- Exercise description -
From the line with "#194=AXIS2_PLACEMENT_3D('',#191,#192,#193);" through the line with "#199=ORIENTED_EDGE('',*,*,#198,.F.);", inclusive, return each line of the data below exactly and leave the rest out.

[Stored records]
* * * * * * * * *
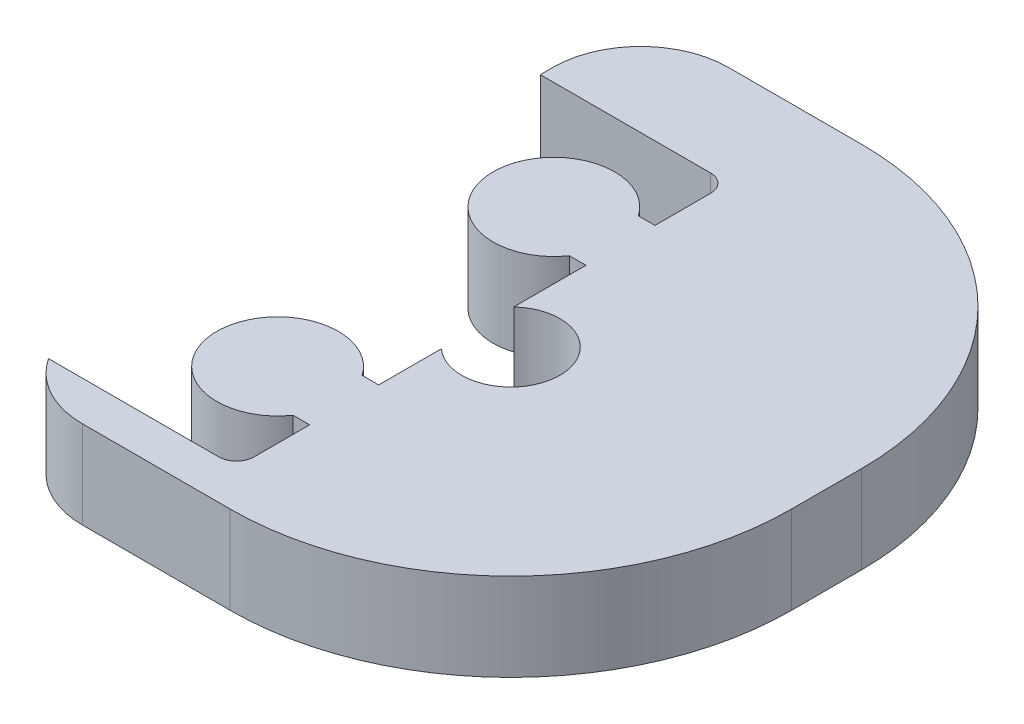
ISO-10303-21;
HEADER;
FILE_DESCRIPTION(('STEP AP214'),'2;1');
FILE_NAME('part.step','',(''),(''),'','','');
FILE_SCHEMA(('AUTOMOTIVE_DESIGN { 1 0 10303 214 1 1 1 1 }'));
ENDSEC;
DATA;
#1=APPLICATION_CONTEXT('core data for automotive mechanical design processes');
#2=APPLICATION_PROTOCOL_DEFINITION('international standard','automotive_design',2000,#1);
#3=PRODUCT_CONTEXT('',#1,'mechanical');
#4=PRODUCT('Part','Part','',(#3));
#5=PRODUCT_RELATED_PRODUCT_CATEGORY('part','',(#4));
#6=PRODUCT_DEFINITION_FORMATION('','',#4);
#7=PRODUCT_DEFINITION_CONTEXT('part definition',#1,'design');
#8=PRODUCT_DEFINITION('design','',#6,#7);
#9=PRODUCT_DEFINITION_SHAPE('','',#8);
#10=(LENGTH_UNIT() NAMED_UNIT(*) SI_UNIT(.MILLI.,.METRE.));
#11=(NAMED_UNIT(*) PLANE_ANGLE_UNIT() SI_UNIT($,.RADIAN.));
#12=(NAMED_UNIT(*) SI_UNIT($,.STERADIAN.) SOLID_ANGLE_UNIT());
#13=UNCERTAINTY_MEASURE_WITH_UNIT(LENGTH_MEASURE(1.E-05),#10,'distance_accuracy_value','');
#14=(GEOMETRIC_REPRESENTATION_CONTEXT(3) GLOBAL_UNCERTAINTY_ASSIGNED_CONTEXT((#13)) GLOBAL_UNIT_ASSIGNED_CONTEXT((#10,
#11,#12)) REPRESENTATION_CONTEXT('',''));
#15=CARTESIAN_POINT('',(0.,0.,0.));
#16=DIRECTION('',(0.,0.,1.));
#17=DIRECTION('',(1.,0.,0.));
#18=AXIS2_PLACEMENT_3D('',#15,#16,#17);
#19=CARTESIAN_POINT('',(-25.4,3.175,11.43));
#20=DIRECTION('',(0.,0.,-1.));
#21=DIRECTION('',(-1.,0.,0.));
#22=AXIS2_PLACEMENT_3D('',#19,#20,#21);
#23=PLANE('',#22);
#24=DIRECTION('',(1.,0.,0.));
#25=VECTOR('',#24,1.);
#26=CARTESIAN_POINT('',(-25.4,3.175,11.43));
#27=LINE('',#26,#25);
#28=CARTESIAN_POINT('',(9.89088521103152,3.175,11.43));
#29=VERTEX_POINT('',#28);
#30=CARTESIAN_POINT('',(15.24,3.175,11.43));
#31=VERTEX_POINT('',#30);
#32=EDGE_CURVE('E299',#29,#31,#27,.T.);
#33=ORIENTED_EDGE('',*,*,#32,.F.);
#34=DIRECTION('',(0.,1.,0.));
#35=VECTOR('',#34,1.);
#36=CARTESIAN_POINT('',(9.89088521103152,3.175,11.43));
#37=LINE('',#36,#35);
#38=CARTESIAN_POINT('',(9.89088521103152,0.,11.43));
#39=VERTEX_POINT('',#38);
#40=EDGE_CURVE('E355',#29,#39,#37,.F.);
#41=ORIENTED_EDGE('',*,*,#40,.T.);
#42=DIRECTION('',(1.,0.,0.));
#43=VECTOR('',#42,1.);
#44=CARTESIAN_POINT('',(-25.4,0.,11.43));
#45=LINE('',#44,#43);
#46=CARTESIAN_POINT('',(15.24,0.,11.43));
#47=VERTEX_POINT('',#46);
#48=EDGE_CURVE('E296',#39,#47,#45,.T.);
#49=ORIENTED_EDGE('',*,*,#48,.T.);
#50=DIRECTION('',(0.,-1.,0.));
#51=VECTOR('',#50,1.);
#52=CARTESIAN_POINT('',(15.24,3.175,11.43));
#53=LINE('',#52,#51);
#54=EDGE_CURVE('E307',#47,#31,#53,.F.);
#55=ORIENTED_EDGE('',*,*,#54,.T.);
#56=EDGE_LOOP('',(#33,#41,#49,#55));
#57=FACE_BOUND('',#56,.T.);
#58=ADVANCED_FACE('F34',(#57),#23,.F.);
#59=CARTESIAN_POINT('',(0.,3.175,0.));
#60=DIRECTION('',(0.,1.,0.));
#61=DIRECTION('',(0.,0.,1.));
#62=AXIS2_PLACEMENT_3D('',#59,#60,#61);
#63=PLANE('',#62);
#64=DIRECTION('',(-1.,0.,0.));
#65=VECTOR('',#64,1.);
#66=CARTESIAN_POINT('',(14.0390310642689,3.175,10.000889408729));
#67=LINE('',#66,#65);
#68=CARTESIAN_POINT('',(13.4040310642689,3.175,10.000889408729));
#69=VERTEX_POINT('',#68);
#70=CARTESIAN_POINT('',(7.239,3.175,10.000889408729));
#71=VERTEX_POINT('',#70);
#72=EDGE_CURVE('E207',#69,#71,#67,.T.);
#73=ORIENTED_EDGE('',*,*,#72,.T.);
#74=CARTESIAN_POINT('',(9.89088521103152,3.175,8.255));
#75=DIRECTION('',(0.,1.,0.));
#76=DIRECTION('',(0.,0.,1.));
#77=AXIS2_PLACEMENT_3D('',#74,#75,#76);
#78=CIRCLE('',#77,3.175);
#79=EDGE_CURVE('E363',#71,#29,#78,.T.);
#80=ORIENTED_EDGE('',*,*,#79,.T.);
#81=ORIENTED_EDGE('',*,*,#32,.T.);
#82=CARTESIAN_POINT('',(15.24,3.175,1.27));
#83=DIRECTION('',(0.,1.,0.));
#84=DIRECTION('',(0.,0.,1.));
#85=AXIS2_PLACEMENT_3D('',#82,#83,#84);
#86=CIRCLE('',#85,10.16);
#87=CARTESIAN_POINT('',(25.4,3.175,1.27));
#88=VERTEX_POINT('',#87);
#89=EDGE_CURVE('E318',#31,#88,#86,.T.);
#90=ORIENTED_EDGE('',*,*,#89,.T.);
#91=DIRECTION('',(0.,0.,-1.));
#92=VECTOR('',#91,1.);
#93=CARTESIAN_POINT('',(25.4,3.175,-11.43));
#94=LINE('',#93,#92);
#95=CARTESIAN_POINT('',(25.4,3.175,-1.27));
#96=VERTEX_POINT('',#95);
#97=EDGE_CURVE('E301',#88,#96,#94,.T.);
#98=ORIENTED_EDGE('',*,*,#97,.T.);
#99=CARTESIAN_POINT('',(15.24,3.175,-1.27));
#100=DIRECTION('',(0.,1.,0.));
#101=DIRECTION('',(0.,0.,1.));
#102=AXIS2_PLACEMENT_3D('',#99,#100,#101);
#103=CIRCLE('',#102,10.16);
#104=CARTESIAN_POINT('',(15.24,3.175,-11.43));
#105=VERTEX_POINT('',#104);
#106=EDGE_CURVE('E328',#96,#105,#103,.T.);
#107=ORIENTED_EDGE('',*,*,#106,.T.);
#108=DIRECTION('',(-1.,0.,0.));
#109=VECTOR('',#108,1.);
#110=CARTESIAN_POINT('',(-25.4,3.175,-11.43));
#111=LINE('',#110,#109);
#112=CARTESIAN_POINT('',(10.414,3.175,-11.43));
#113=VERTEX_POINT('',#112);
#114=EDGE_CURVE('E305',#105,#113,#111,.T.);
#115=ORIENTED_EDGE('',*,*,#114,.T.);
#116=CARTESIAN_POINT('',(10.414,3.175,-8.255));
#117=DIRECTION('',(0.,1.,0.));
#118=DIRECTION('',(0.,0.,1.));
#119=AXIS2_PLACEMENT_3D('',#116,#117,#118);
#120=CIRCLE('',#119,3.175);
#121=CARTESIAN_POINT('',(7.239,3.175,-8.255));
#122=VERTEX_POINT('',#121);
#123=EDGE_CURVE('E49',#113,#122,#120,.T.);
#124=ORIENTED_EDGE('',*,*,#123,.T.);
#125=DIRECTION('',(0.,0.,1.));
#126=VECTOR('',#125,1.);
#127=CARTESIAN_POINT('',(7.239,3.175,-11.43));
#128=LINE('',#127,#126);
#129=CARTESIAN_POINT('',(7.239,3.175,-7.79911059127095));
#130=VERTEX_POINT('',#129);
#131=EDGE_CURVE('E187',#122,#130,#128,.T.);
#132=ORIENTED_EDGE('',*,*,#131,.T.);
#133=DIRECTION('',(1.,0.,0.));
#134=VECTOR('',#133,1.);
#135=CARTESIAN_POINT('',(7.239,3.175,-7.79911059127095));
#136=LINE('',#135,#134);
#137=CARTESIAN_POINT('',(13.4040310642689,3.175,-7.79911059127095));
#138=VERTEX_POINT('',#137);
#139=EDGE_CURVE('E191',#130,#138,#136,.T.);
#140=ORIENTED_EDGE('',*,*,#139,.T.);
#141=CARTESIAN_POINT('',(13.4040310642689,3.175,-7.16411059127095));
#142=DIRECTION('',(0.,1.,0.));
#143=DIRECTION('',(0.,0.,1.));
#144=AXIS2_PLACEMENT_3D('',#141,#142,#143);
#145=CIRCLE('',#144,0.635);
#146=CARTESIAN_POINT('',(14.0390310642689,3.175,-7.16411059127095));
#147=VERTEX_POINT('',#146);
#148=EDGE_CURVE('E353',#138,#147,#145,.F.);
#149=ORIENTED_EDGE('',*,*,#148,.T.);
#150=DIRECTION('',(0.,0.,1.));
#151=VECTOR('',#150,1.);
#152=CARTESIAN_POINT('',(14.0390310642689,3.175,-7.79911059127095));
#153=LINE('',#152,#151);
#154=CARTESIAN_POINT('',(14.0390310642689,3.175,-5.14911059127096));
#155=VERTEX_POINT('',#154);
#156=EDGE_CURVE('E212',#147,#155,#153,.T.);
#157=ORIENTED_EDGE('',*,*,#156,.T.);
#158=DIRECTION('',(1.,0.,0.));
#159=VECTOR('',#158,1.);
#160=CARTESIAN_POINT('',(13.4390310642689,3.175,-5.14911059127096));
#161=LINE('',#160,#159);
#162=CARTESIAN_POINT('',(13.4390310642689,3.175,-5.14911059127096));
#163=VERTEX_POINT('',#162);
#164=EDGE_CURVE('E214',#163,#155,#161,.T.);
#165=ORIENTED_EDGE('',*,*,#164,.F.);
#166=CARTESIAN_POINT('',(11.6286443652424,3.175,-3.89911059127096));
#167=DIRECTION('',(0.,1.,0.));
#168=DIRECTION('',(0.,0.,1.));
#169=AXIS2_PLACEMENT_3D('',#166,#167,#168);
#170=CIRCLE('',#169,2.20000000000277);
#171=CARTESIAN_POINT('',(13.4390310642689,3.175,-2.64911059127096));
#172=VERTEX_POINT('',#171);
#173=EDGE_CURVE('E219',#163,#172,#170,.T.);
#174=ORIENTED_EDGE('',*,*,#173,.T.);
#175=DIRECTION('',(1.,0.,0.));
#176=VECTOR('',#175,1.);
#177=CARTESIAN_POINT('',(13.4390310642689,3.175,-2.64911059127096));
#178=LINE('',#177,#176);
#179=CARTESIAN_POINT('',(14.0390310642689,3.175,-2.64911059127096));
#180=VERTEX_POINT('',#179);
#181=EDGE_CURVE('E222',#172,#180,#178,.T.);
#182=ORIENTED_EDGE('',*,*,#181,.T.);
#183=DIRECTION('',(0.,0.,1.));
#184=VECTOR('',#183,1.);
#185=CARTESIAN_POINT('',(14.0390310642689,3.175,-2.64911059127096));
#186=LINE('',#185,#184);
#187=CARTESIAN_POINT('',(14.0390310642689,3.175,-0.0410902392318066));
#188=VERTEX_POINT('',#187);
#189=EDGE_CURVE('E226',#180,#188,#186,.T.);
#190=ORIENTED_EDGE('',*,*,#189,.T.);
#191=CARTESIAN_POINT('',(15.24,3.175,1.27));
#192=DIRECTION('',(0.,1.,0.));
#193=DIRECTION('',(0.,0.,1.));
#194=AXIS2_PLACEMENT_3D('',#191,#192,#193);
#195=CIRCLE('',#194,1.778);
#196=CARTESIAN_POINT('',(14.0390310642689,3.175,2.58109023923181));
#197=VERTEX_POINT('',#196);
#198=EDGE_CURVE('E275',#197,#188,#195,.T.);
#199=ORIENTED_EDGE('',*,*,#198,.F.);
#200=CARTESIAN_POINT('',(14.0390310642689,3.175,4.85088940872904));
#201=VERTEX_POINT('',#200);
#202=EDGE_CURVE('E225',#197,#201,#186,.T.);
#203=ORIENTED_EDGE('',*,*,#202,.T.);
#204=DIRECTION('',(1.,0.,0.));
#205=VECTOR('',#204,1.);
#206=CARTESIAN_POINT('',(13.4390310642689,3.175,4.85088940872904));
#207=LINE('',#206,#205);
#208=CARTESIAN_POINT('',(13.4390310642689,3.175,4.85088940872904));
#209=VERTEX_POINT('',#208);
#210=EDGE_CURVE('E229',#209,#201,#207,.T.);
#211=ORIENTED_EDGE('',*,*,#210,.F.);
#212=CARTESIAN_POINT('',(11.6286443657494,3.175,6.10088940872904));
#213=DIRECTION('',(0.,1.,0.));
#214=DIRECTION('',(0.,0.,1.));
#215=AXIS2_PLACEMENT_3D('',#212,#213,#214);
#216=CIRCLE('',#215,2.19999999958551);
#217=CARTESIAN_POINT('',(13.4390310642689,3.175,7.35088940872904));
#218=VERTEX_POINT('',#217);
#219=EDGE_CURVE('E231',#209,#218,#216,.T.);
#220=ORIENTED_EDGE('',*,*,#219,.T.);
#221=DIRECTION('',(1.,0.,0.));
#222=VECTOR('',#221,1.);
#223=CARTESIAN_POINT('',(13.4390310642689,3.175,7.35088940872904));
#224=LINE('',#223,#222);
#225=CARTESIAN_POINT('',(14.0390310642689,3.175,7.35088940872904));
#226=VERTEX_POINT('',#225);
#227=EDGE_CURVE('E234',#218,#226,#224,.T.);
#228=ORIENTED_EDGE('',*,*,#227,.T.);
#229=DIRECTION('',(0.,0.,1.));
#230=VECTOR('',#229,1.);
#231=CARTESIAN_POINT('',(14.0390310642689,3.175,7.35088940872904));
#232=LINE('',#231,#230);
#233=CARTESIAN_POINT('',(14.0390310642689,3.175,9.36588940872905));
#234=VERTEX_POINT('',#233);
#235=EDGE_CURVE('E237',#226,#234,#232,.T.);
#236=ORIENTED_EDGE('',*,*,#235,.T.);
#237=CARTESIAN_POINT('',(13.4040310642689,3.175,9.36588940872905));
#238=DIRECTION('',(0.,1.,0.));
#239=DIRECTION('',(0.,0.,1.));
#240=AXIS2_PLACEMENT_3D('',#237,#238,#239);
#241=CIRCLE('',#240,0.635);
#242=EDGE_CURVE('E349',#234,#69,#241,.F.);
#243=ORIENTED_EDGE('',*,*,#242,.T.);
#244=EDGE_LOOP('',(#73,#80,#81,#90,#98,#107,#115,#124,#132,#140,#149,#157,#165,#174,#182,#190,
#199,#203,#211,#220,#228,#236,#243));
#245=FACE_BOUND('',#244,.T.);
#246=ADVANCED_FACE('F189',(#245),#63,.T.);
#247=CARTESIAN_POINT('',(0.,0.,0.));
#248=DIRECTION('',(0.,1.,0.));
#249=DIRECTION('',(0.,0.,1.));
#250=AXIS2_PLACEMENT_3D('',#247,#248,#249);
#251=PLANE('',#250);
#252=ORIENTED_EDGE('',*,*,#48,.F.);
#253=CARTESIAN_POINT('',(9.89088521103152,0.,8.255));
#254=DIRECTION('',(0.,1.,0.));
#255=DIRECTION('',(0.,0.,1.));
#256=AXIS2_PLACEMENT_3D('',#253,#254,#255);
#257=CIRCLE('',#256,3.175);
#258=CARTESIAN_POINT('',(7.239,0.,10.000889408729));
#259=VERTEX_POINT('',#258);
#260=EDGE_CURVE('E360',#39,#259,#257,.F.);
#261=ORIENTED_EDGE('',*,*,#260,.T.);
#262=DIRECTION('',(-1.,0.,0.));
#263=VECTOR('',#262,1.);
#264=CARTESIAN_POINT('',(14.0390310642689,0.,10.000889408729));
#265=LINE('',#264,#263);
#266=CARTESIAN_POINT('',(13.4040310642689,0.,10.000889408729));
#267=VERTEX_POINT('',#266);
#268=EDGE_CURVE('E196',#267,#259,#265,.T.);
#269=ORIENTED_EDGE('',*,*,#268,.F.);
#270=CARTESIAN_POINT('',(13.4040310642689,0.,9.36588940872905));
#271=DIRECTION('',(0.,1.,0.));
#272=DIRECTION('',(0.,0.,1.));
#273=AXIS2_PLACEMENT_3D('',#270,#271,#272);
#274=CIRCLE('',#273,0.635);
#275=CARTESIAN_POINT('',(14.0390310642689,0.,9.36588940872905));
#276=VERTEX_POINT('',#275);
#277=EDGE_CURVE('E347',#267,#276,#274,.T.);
* * * * * * * * *
- Written answer -
#194=AXIS2_PLACEMENT_3D('',#191,#192,#193);
#195=CIRCLE('',#194,1.778);
#196=CARTESIAN_POINT('',(14.0390310642689,3.175,2.58109023923181));
#197=VERTEX_POINT('',#196);
#198=EDGE_CURVE('E275',#197,#188,#195,.T.);
#199=ORIENTED_EDGE('',*,*,#198,.F.);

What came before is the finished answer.